Friday - went to my mums house. I was tired and starving when I got there and I put my mum in a bad mood in the car but I forget how I did it. We got back and my little brother (Joshua, 15) had completely forgotten to stir or keep an eye on the chill which was burnt. He had been drawing a storyboard for a plasticine animation that he is going to make, my mum forgave him because he had been doing something creative and not watching TV.
I had to wait for 30 minutes in agony from being so hungry with nothing to eat in the house until the chili was served. it was alright but the rice was overly sticky and not very nice, she made a delicious houmous which I just smeared over everything to make it taste better. The best thing my mum cooks is stew with dumplings and as I don't visit very often I would like it if she made it every time I came down to see her.
Saturday - I got the coach to see my friend Theodora in Cambridge. It was a beautiful coach journey and the late afternoon sun was making London look golden. It is so nice just to get out of London sometimes and go past fields and big pylons. Also the moon was big and full and low and playing some kind of funny game with the clouds so I spent a lot of my journey just giggling at it.
My cowboy boot has a big hole in it and the streets in Cambridge were wet so I had to do this funny thing with my foot when we walked up to Theo's house that made it look like I was limping and didn't really keep my foot dry. We stopped at Sainsburys and I bought one of their cheap goats cheese and a red wine that was reduced to four pounds but in a posh looking bottle with a pretty picture of a hummingbird on the front.
Theo made me a pasta with spinach and cream and cherry tomatoes and goats cheese. Theo has always made amazing food for me since I was 14 and she was 13 and we would go back to her house over a weekend of partying to get some sun dried tomato paste and goats cheese sandwiched on brown bread with seeds. Her mum is one of my favourite cooks in fact and they often have pasta with a salad (and amazing dressing) and they eat it every night together like a picnic on the sitting room floor. We ate and drank a cheap acidic wine and talked about how mental people in Cambridge are and I wished there was more of the pasta because it was creamy and more-ish.
We watched a lunar eclipse that made the moon turn red for a bit but didn't do much else and then this boy called barefoot Pete came over with Hebrew writing on his arm and he cooked lots of k up in the kitchen. I used to live with a boy who cooked k when I was 15 and I remember it smelling like a fried breakfast and not being too bad but this time the smell really bothered me and it felt like it was invading me so I had to sit outside on the doorstep for a bit. He did not wash the pans up after him, so he had bad manners as well as a bad beard that made him look as though he had long pubes growing from his face.
We went to a party down the road at about 2 in the morning where I got to experience lots of Cambridge students first hand, most of them are gay with each other. I told a lie to one called Enzo that I was the neighbour from next door round to complain about the noise keeping my kids up. He believed me and apologised but said it wasn't his party. We didn't stay long at the party and I crashed out in Theo's bed almost the second we got home.

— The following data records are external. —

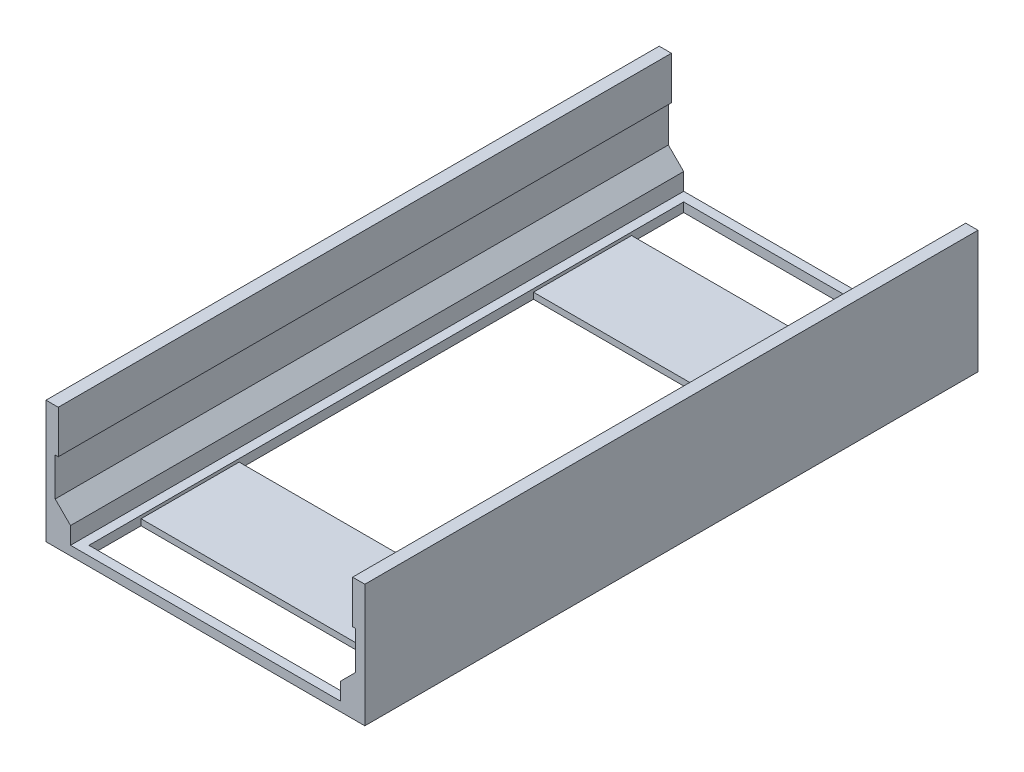
SolidWorks part; units mm, degrees
ref_plane "Plano frontal" through (0, 0, 0) normal (0, 0, 1) x (1, 0, 0)
ref_plane "Plano superior" through (0, 0, 0) normal (0, 1, 0) x (1, 0, 0)
ref_plane "Plano direito" through (0, 0, 0) normal (1, 0, 0) x (0, 0, -1)
sketch "Esboço1" plane through (0, 0, 0) normal (0, 0, 1) x (1, 0, 0)
  line L0 (-24, 14) -> (-24, -14) construction
  line L1 (24, 14) -> (24, -14) construction
  line L2 (-22.5, 12.5) -> (-22.5, -7.5)
  line L3 (-17.5, -12.5) -> (17.5, -12.5)
  line L4 (22.5, 12.5) -> (22.5, -7.5)
  line L5 (-22.5, 12.5) -> (22.5, -12.5) construction
  line L6 (-22.5, -12.5) -> (22.5, 12.5) construction
  line L7 (24, 12.5) -> (24, -9)
  line L8 (-19, -14) -> (19, -14)
  line L9 (-24, 12.5) -> (-24, -9)
  line L10 (-22.5, 12.5) -> (-24, 12.5)
  line L11 (22.5, 12.5) -> (24, 12.5)
  line L12 (-22.5, -12.5) -> (22.5, -12.5) construction
  line L13 (-22.5, 12.5) -> (22.5, 12.5) construction
  line L14 (-24, 14) -> (24, 14) construction
  line L15 (22.5, 12.5) -> (22.5, -12.5) construction
  line L16 (17.5, -12.5) -> (22.5, -7.5)
  line L17 (-24, -14) -> (24, -14) construction
  line L18 (24, -9) -> (19, -14)
  line L19 (-22.5, 12.5) -> (-22.5, -12.5) construction
  line L20 (-22.5, -7.5) -> (-17.5, -12.5)
  line L21 (-24, -9) -> (-19, -14)
  point P0 (0, 0)
  dimension "D1" = 25
  dimension "D2" = 45
  dimension "D3" = 1.5
extrude "Ressalto-extrusão1" add sketch "Esboço1" along normal blind 100
sketch "Esboço3" plane through (0, -12.5, 0) normal (0, 1, 0) x (1, 0, 0)
  line L0 (22.5, -100) -> (22.5, 0) construction
  line L1 (-22.5, 0) -> (22.5, 0)
  line L2 (-22.5, 0) -> (-22.5, -1.5)
  line L3 (-22.5, -1.5) -> (22.5, -1.5)
  line L4 (22.5, 0) -> (22.5, -1.5)
  dimension "D1" = 1.5
extrude "Ressalto-extrusão3" add sketch "Esboço3" along normal up to surface (25 mm away) up to face at (-23.25, 12.5, 50)
sketch "Esboço4" plane through (0, 0, 1.5) normal (0, 0, 1) x (1, 0, 0)
  line L0 (17.5, -12.5) -> (-17.5, -12.5) construction
  line L1 (-10, -12.5) -> (10, -12.5)
  line L2 (-10, -12.5) -> (-10, -7.5)
  line L3 (-5, -2.5) -> (5, -2.5)
  line L4 (10, -12.5) -> (10, -7.5)
  line L5 (-10, -7.5) -> (-5, -2.5)
  line L6 (5, -2.5) -> (10, -7.5)
  point P1 (10, -2.5)
  point P2 (-10, -2.5)
  point P4 (0, -12.5)
  point P5 (0, -12.5)
extrude "Corte-extrusão1" cut sketch "Esboço4" against normal through all
sketch "Esboço5" plane through (0, -12.5, 0) normal (0, 1, 0) x (1, 0, 0)
  line L0 (0, 0) -> (0, -2.25) construction
  line L1 (22.5, -1.5) -> (-22.5, -1.5) construction
  line L2 (-6, -3) -> (6, -3)
  line L3 (-6, -3) -> (-6, -1.5)
  line L4 (-6, -1.5) -> (6, -1.5)
  line L5 (6, -3) -> (6, -1.5)
  line L6 (-6, -3) -> (6, -1.5) construction
  line L7 (-6, -1.5) -> (6, -3) construction
  dimension "D1" = 2.25
  dimension "D2" = 12
extrude "Corte-extrusão2" cut sketch "Esboço5" against normal through all
sketch "Esboço6" plane through (0, -12.5, 0) normal (0, 1, 0) x (1, 0, 0)
  line L0 (22.5, -100) -> (22.5, -1.5) construction
  line L1 (-22.5, -100) -> (22.5, -100)
  line L2 (-22.5, -100) -> (-22.5, -98)
  line L3 (-22.5, -98) -> (22.5, -98)
  line L4 (22.5, -100) -> (22.5, -98)
extrude "Ressalto-extrusão4" add sketch "Esboço6" along normal up to surface (25 mm away) up to face at (0, 12.5, 50.375)
sketch "Esboço7" plane through (0, 0, 100) normal (0, 0, 1) x (1, 0, 0)
  line L0 (0, 12.5) -> (0, 8.5) construction
  line L1 (24, 12.5) -> (-24, 12.5) construction
  line L2 (0, 8.5) -> (1, 8.5) construction
  line L3 (1, 8.5) -> (0, 8.5) construction
  line L4 (0, 8.5) -> (0, 0.5) construction
  line L5 (0, 0.5) -> (1, 0.5) construction
  line L6 (1, 0.5) -> (0, 0.5) construction
  line L7 (0, 0.5) -> (0, -7.5) construction
  line L8 (0, 8.5) -> (-8, 8.5) construction
  line L9 (-8, 8.5) -> (-16, 8.5) construction
  line L10 (-9.4, 9.9) -> (-6.6, 9.9)
  line L11 (-17.4, 9.9) -> (-14.6, 9.9)
  line L12 (-17.4, 9.9) -> (-17.4, 7.1)
  line L13 (-17.4, 7.1) -> (-14.6, 7.1)
  line L14 (-14.6, 9.9) -> (-14.6, 7.1)
  line L15 (-17.4, 9.9) -> (-14.6, 7.1) construction
  line L16 (-17.4, 7.1) -> (-14.6, 9.9) construction
  line L17 (-9.4, 9.9) -> (-9.4, 7.1)
  line L18 (-9.4, 7.1) -> (-6.6, 7.1)
  line L19 (-6.6, 9.9) -> (-6.6, 7.1)
  line L20 (-9.4, 9.9) -> (-6.6, 7.1) construction
  line L21 (-9.4, 7.1) -> (-6.6, 9.9) construction
  line L22 (-1.4, 9.9) -> (1.4, 9.9)
  line L23 (-1.4, 9.9) -> (-1.4, 7.1)
  line L24 (-1.4, 7.1) -> (1.4, 7.1)
  line L25 (1.4, 9.9) -> (1.4, 7.1)
  line L26 (-1.4, 9.9) -> (1.4, 7.1) construction
  line L27 (-1.4, 7.1) -> (1.4, 9.9) construction
  line L28 (6.6, 9.9) -> (9.4, 9.9)
  line L29 (6.6, 9.9) -> (6.6, 7.1)
  line L30 (6.6, 7.1) -> (9.4, 7.1)
  line L31 (9.4, 9.9) -> (9.4, 7.1)
  line L32 (6.6, 9.9) -> (9.4, 7.1) construction
  line L33 (6.6, 7.1) -> (9.4, 9.9) construction
  line L34 (14.6, 9.9) -> (17.4, 9.9)
  line L35 (14.6, 9.9) -> (14.6, 7.1)
  line L36 (14.6, 7.1) -> (17.4, 7.1)
  line L37 (17.4, 9.9) -> (17.4, 7.1)
  line L38 (14.6, 9.9) -> (17.4, 7.1) construction
  line L39 (14.6, 7.1) -> (17.4, 9.9) construction
  line L40 (-9.4, 1.9) -> (-6.6, 1.9)
  line L41 (-9.4, 1.9) -> (-9.4, -0.9)
  line L42 (-9.4, -0.9) -> (-6.6, -0.9)
  line L43 (-6.6, 1.9) -> (-6.6, -0.9)
  line L44 (-9.4, 1.9) -> (-6.6, -0.9) construction
  line L45 (-9.4, -0.9) -> (-6.6, 1.9) construction
  line L46 (-1.4, 1.9) -> (1.4, 1.9)
  line L47 (-1.4, 1.9) -> (-1.4, -0.9)
  line L48 (-1.4, -0.9) -> (1.4, -0.9)
  line L49 (1.4, 1.9) -> (1.4, -0.9)
  line L50 (-1.4, 1.9) -> (1.4, -0.9) construction
  line L51 (-1.4, -0.9) -> (1.4, 1.9) construction
  line L52 (6.6, 1.9) -> (9.4, 1.9)
  line L53 (6.6, 1.9) -> (6.6, -0.9)
  line L54 (6.6, -0.9) -> (9.4, -0.9)
  line L55 (9.4, 1.9) -> (9.4, -0.9)
  line L56 (6.6, 1.9) -> (9.4, -0.9) construction
  line L57 (6.6, -0.9) -> (9.4, 1.9) construction
  line L58 (14.6, 1.9) -> (17.4, 1.9)
  line L59 (14.6, 1.9) -> (14.6, -0.9)
  line L60 (14.6, -0.9) -> (17.4, -0.9)
  line L61 (17.4, 1.9) -> (17.4, -0.9)
  line L62 (14.6, 1.9) -> (17.4, -0.9) construction
  line L63 (14.6, -0.9) -> (17.4, 1.9) construction
  line L64 (-9.4, -6.1) -> (-6.6, -6.1)
  line L65 (-9.4, -6.1) -> (-9.4, -8.9)
  line L66 (-9.4, -8.9) -> (-6.6, -8.9)
  line L67 (-6.6, -6.1) -> (-6.6, -8.9)
  line L68 (-9.4, -6.1) -> (-6.6, -8.9) construction
  line L69 (-9.4, -8.9) -> (-6.6, -6.1) construction
  line L70 (-1.4, -6.1) -> (1.4, -6.1)
  line L71 (-1.4, -6.1) -> (-1.4, -8.9)
  line L72 (-1.4, -8.9) -> (1.4, -8.9)
  line L73 (1.4, -6.1) -> (1.4, -8.9)
  line L74 (-1.4, -6.1) -> (1.4, -8.9) construction
  line L75 (-1.4, -8.9) -> (1.4, -6.1) construction
  line L76 (6.6, -6.1) -> (9.4, -6.1)
  line L77 (6.6, -6.1) -> (6.6, -8.9)
  line L78 (6.6, -8.9) -> (9.4, -8.9)
  line L79 (9.4, -6.1) -> (9.4, -8.9)
  line L80 (6.6, -6.1) -> (9.4, -8.9) construction
  line L81 (6.6, -8.9) -> (9.4, -6.1) construction
  line L82 (14.6, -6.1) -> (17.4, -6.1)
  line L83 (14.6, -6.1) -> (14.6, -8.9)
  line L84 (14.6, -8.9) -> (17.4, -8.9)
  line L85 (17.4, -6.1) -> (17.4, -8.9)
  line L86 (14.6, -6.1) -> (17.4, -8.9) construction
  line L87 (14.6, -8.9) -> (17.4, -6.1) construction
  line L88 (-17.4, 1.9) -> (-14.6, 1.9)
  line L89 (-17.4, 1.9) -> (-17.4, -0.9)
  line L90 (-17.4, -0.9) -> (-14.6, -0.9)
  line L91 (-14.6, 1.9) -> (-14.6, -0.9)
  line L92 (-17.4, 1.9) -> (-14.6, -0.9) construction
  line L93 (-17.4, -0.9) -> (-14.6, 1.9) construction
  line L94 (-17.4, -6.1) -> (-14.6, -6.1)
  line L95 (-17.4, -6.1) -> (-17.4, -8.9)
  line L96 (-17.4, -8.9) -> (-14.6, -8.9)
  line L97 (-14.6, -6.1) -> (-14.6, -8.9)
  line L98 (-17.4, -6.1) -> (-14.6, -8.9) construction
  line L99 (-17.4, -8.9) -> (-14.6, -6.1) construction
  dimension "D1" = 2.8
  dimension "D2" = 5
  dimension "D3" = 3
extrude "Corte-extrusão3" cut sketch "Esboço7" against normal blind 10
sketch "Esboço8" plane through (0, 0, 0) normal (0, 0, -1) x (-1, 0, 0)
  line L3 (-22.5, -10.5) -> (-22.5, -12.5)
  line L4 (-20.5, -12.5) -> (-22.5, -10.5)
  line L5 (-22.5, -12.5) -> (-20.5, -12.5)
  line L6 (-22.5, -10.5) -> (-22.5, -12.5)
  line L7 (-20.5, -12.5) -> (-22.5, -10.5)
  line L8 (-22.5, -12.5) -> (-20.5, -12.5)
  line L9 (20.5, -12.5) -> (22.5, -12.5)
  line L10 (22.5, -10.5) -> (20.5, -12.5)
  line L11 (22.5, -12.5) -> (22.5, -10.5)
  line L12 (20.5, -12.5) -> (22.5, -12.5)
  line L13 (22.5, -10.5) -> (20.5, -12.5)
  line L14 (22.5, -12.5) -> (22.5, -10.5)
  dimension "D1" = 0
  dimension "D2" = 0
extrude "Corte-extrusão4" cut sketch "Esboço8" against normal through all
sketch "Esboço9" plane through (0, 0, 0) normal (0, 0, -1) x (-1, 0, 0)
  line L0 (-19, -14) -> (-21.5, -14)
  line L1 (-21.5, -14) -> (-21.5, -11.5)
  line L2 (-19, -14) -> (-24, -9) construction
  line L3 (-21.5, -11.5) -> (-19, -14)
  line L4 (19, -14) -> (21.5, -14)
  line L5 (21.5, -14) -> (21.5, -11.5)
  line L6 (24, -9) -> (19, -14) construction
  line L7 (21.5, -11.5) -> (19, -14)
extrude "Ressalto-extrusão5" add sketch "Esboço9" against normal through all
sketch "Esboço10" plane through (0, 0, 0) normal (0, 0, -1) x (-1, 0, 0)
  line L0 (0, 0) -> (0, 16.2548) construction
  line L1 (-24, 12.5) -> (-24, 4.5) construction
  line L2 (-24, -9) -> (-24, 12.5) construction
  line L3 (-24, 4.5) -> (-23.5, 4.5)
  line L4 (-23.5, 4.5) -> (-23.5, -3.5)
  line L5 (-23.5, -3.5) -> (-24, -3.5)
  line L6 (-24, -3.5) -> (-24, 4.5)
  line L7 (24, -3.5) -> (24, 4.5)
  line L8 (23.5, -3.5) -> (24, -3.5)
  line L9 (23.5, 4.5) -> (23.5, -3.5)
  line L10 (24, 4.5) -> (23.5, 4.5)
extrude "Corte-extrusão5" cut sketch "Esboço10" against normal through all
chamfer "Chanfro1" distance 3 angle 45 5 edges at (-22.5, 2.5, 98) (-20, -10, 98) (22.5, 2.5, 98) (20, -10, 98) (0, -12.5, 98)
chamfer "Chanfro2" distance 3 angle 45 6 edges at (-22.5, 2.5, 1.5) (-20, -10, 1.5) (-13.75, -12.5, 1.5) (13.75, -12.5, 1.5) (20, -10, 1.5) (22.5, 2.5, 1.5)
sketch "Esboço11" plane through (0, 0, 0) normal (0, 0, -1) x (-1, 0, 0)
  line L0 (24.5, -9.2071) -> (24.5, -3)
  line L1 (24.5, -3) -> (24, -3)
  line L2 (24, -3) -> (24, 4)
  line L3 (24, 4) -> (26, 4)
  line L4 (26, 4) -> (26, -14.5)
  line L5 (26, -14.5) -> (26, -16)
  line L6 (26, -16) -> (-26, -16)
  line L7 (0, -16) -> (0, 0) construction
  line L8 (-24, 4) -> (-24, -3)
  line L9 (-24, -3) -> (-24.5, -3)
  line L10 (-24.5, -3) -> (-24.5, -9.2071)
  line L11 (-24.5, -9.2071) -> (-22, -11.7071)
  line L12 (-22, -11.7071) -> (-22, -14.5)
  line L13 (-22, -14.5) -> (22, -14.5)
  line L14 (22, -14.5) -> (22, -11.7071)
  line L15 (22, -11.7071) -> (24.5, -9.2071)
  line L16 (24, -9) -> (24, -3.5)
  line L17 (24, -3.5) -> (23.5, -3.5)
  line L18 (23.5, -3.5) -> (23.5, 4.5)
  line L19 (23.5, 4.5) -> (24, 4.5)
  line L20 (24, 4.5) -> (24, 12.5)
  line L21 (24, 12.5) -> (-24, 12.5)
  line L22 (-24, 12.5) -> (-24, 4.5)
  line L23 (-24, 4.5) -> (-23.5, 4.5)
  line L24 (-23.5, 4.5) -> (-23.5, -3.5)
  line L25 (-23.5, -3.5) -> (-24, -3.5)
  line L26 (-24, -3.5) -> (-24, -9)
  line L27 (-24, -9) -> (-21.5, -11.5)
  line L28 (-21.5, -11.5) -> (-21.5, -14)
  line L29 (-21.5, -14) -> (21.5, -14)
  line L30 (21.5, -14) -> (21.5, -11.5)
  line L31 (21.5, -11.5) -> (24, -9)
  line L32 (24, -9) -> (24, -3.5) construction
  line L33 (24, -3.5) -> (23.5, -3.5) construction
  line L34 (23.5, -3.5) -> (23.5, 4.5) construction
  line L35 (23.5, 4.5) -> (24, 4.5) construction
  line L36 (24, 4.5) -> (24, 12.5) construction
  line L37 (24, 12.5) -> (-24, 12.5) construction
  line L38 (-24, 12.5) -> (-24, 4.5) construction
  line L39 (-24, 4.5) -> (-23.5, 4.5) construction
  line L40 (-23.5, 4.5) -> (-23.5, -3.5) construction
  line L41 (-23.5, -3.5) -> (-24, -3.5) construction
  line L42 (-24, -3.5) -> (-24, -9) construction
  line L43 (-24, -9) -> (-21.5, -11.5) construction
  line L44 (-21.5, -11.5) -> (-21.5, -14) construction
  line L45 (-21.5, -14) -> (21.5, -14) construction
  line L46 (21.5, -14) -> (21.5, -11.5) construction
  line L47 (21.5, -11.5) -> (24, -9) construction
  line L48 (24, 4) -> (24.5, 4) construction
  line L49 (24.5, 4) -> (24.5, 13) construction
  line L50 (-24.5, 4) -> (-24, 4) construction
  line L51 (-24.5, 13) -> (-24.5, 4) construction
  line L52 (24.5, 13) -> (-24.5, 13) construction
  line L53 (-26, -14.5) -> (-26, -16)
  line L54 (-26, 4) -> (-26, -14.5)
  line L55 (-24, 4) -> (-26, 4)
  dimension "D3" = 18.5
  dimension "D1" = 0
  dimension "D2" = 0.5
extrude "Ressalto-extrusão6" add sketch "Esboço11" against normal through all separate body
sketch "Esboço12" plane through (0, 0, 0) normal (0, 0, -1) x (-1, 0, 0)
  line L16 (24, -9) -> (24, -3.5)
  line L17 (24, -3.5) -> (23.5, -3.5)
  line L18 (23.5, -3.5) -> (23.5, 4.5)
  line L19 (23.5, 4.5) -> (24, 4.5)
  line L20 (24, 4.5) -> (24, 12.5)
  line L21 (24, 12.5) -> (-24, 12.5)
  line L22 (-24, 12.5) -> (-24, 4.5)
  line L23 (-24, 4.5) -> (-23.5, 4.5)
  line L24 (-23.5, 4.5) -> (-23.5, -3.5)
  line L25 (-23.5, -3.5) -> (-24, -3.5)
  line L26 (-24, -3.5) -> (-24, -9)
  line L27 (-24, -9) -> (-21.5, -11.5)
  line L28 (-21.5, -11.5) -> (-21.5, -14)
  line L29 (-21.5, -14) -> (21.5, -14)
  line L30 (21.5, -14) -> (21.5, -11.5)
  line L31 (21.5, -11.5) -> (24, -9)
  line L32 (24, -9) -> (24, -3.5)
  line L33 (24, -3.5) -> (23.5, -3.5)
  line L34 (23.5, -3.5) -> (23.5, 4.5)
  line L35 (23.5, 4.5) -> (24, 4.5)
  line L36 (24, 4.5) -> (24, 12.5)
  line L37 (24, 12.5) -> (-24, 12.5)
  line L38 (-24, 12.5) -> (-24, 4.5)
  line L39 (-24, 4.5) -> (-23.5, 4.5)
  line L40 (-23.5, 4.5) -> (-23.5, -3.5)
  line L41 (-23.5, -3.5) -> (-24, -3.5)
  line L42 (-24, -3.5) -> (-24, -9)
  line L43 (-24, -9) -> (-21.5, -11.5)
  line L44 (-21.5, -11.5) -> (-21.5, -14)
  line L45 (-21.5, -14) -> (21.5, -14)
  line L46 (21.5, -14) -> (21.5, -11.5)
  line L47 (21.5, -11.5) -> (24, -9)
  dimension "D1" = 0
extrude "Corte-extrusão6" cut sketch "Esboço12" against normal through all
sketch "Esboço13" plane through (0, -14.5, 0) normal (0, 1, 0) x (1, 0, 0)
  line L0 (20.5, -1.5) -> (-20.5, -1.5)
  line L1 (-20.5, -1.5) -> (-20.5, -98.5001)
  line L2 (-20.5, -98.5001) -> (20.5, -98.5001)
  line L3 (20.5, -98.5001) -> (20.5, -1.5)
  line L4 (22, 0) -> (-22, 0)
  line L5 (-22, 0) -> (-22, -100.0001)
  line L6 (-22, -100.0001) -> (22, -100.0001)
  line L7 (22, -100.0001) -> (22, 0)
  line L8 (22, 0) -> (-22, 0) construction
  line L9 (-22, 0) -> (-22, -100.0001) construction
  line L10 (-22, -100.0001) -> (22, -100.0001) construction
  line L11 (22, -100.0001) -> (22, 0) construction
  dimension "D1" = 0
  dimension "D2" = 1.5
extrude "Corte-extrusão7" cut sketch "Esboço13" against normal through all
sketch "Esboço14" plane through (0, -16, 0) normal (0, -1, 0) x (1, 0, 0)
  line L0 (-20.5, 50) -> (20.5, 50) construction
  line L1 (-20.5, 1.5) -> (-20.5, 98.5001) construction
  line L2 (20.5, 98.5001) -> (20.5, 1.5) construction
  line L3 (-20.5, 98.5001) -> (-20.5, 90.0001) construction
  line L4 (-20.5, 90.0001) -> (20.5, 90.0001)
  line L5 (20.5, 90.0001) -> (20.5, 74.0001)
  line L6 (20.5, 74.0001) -> (-20.5, 74.0001)
  line L7 (-20.5, 74.0001) -> (-20.5, 90.0001)
  line L8 (-20.5, 26) -> (-20.5, 10)
  line L9 (20.5, 26) -> (-20.5, 26)
  line L10 (20.5, 10) -> (20.5, 26)
  line L11 (-20.5, 10) -> (20.5, 10)
extrude "Ressalto-extrusão7" add sketch "Esboço14" against normal blind 1

Sunday - Before I got the coach home we went to Theo's favourite panini place on drummer street we walked past a very beautiful round church (one of only two in the country) and Theo told me a bit about the history of Cambridge city and how it is the only city in England with no cathedral. I cannot remember the name of the panini place, it sounded like sasindys but I don't think it was. It was very busy and we got the last two seats in there. Theo had something with pesto but I didn't pay too much attention because my panini was far more exciting. I had dolcelatte, mozzarella and artichoke hearts. It cost £4.50 to eat in which in my opinion is pretty expensive but maybe that's how paninis roll these days? Back when I was a regular panini purchaser they were £2.95. It was perfect, the bread wasn't too hard or too soft or too crispy, it was Goldilocks just right and the cheese was creamy rich and beautiful and Theo bought me a cloudy apple and elderflower juice bottled in Cambridgshire that made me want to live in an orchard.
The round church -
The coach trip back home to London was not quite as fun as the way there, a woman with big long false nails sat next to me and I wanted lots of room. I did make a big list of all the things I want to do this year which included
- making at least two films,
- finishing building a miniature village,
- getting into film school and
- getting a job with observer food monthly.
I had to do the funny limp thing again in the wet streets on the way from the coach station to the bus station at Victoria. I stopped briefly in Yo Sushi and they annoyed me. I only wanted a crispy salmon skin ISO, the waiter said I should eat more and I told him that was all I wanted thank you so he pointed out that I had only eaten an ISO roll (which was very handy because I consume small amounts of food and then completely forget what I have just done!) and finally let me go when I said really truly honestly that was all that I wanted.
I didn't have dinner at dinnertime because I was sulking but Jonny bought it up when I was normal again so I had a delicious roast at 3 in the morning. Jonny's mum is a great cook.